#### About this exercise
Scan the material for the word "blind", and copy each line where it shows up.

#### Dataset extract

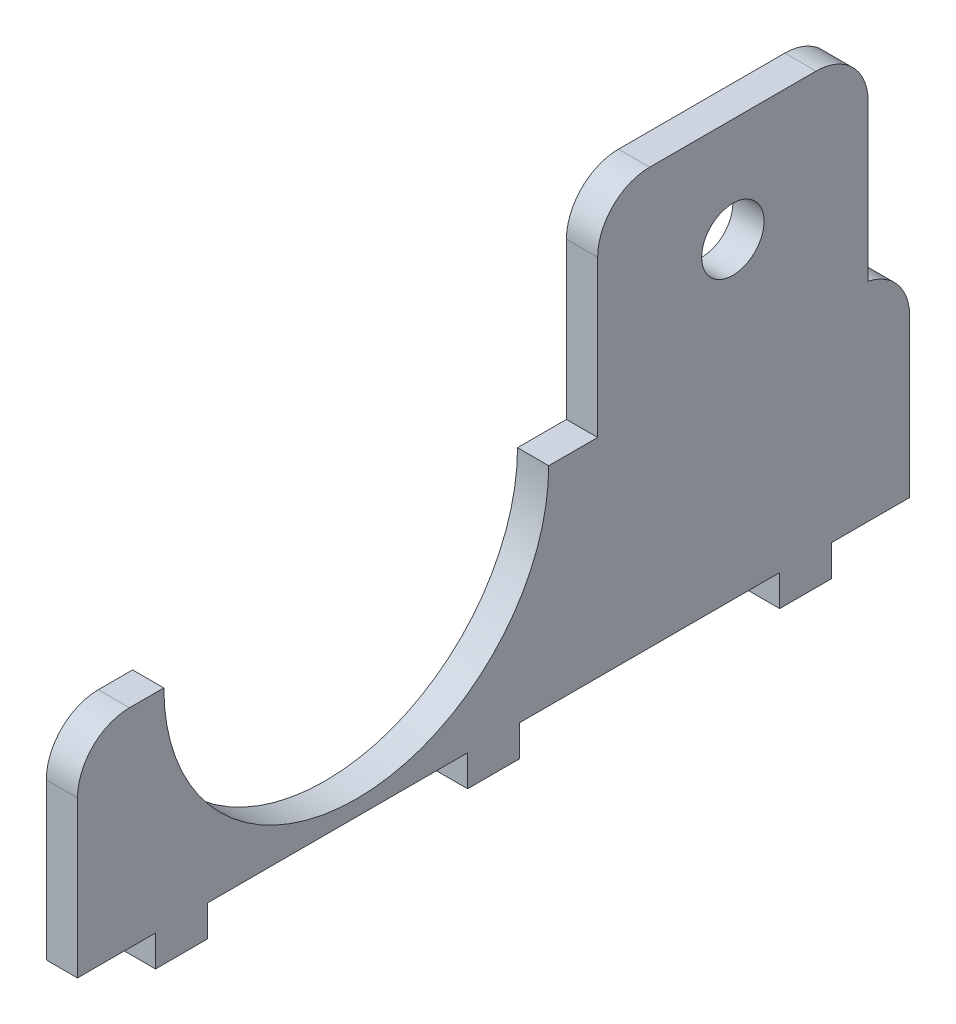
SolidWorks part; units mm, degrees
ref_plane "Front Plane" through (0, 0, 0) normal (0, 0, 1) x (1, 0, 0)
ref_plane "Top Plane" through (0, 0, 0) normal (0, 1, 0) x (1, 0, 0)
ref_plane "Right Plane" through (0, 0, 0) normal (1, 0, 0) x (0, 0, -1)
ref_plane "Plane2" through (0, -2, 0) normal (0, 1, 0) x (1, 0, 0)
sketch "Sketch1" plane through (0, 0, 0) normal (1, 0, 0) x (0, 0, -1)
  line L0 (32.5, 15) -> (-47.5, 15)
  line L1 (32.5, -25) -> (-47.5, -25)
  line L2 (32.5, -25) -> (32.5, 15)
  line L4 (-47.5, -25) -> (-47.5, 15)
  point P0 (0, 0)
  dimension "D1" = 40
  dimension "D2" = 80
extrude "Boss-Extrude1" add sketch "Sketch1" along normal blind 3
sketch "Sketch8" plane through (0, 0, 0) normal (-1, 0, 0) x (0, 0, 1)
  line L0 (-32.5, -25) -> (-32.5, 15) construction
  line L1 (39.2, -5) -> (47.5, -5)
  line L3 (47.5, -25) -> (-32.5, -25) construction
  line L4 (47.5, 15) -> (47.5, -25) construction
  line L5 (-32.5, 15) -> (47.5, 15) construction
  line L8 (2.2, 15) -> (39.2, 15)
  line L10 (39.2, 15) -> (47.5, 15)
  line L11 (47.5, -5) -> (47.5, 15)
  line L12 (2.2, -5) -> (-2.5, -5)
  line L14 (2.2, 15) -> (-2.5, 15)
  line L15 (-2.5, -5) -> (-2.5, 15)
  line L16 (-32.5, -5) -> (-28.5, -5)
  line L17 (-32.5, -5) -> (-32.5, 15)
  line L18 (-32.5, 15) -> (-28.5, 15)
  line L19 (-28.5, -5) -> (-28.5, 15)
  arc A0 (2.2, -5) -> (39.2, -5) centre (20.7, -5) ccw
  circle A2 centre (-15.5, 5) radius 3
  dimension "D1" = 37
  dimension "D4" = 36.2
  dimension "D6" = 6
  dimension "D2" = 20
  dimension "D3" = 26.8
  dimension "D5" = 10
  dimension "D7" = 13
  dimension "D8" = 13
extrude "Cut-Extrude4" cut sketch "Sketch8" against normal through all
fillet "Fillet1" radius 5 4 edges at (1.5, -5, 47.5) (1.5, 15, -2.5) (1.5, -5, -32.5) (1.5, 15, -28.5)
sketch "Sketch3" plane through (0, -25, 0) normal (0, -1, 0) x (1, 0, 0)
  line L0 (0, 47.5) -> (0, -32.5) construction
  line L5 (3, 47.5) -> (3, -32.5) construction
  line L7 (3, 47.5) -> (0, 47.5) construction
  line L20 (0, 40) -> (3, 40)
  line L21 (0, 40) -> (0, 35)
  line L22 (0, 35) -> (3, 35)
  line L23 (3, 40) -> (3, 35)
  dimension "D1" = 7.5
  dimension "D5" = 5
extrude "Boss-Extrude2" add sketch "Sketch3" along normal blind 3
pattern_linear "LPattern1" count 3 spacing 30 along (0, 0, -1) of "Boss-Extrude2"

#### The completed task
extrude "Boss-Extrude1" add sketch "Sketch1" along normal blind 3
extrude "Boss-Extrude2" add sketch "Sketch3" along normal blind 3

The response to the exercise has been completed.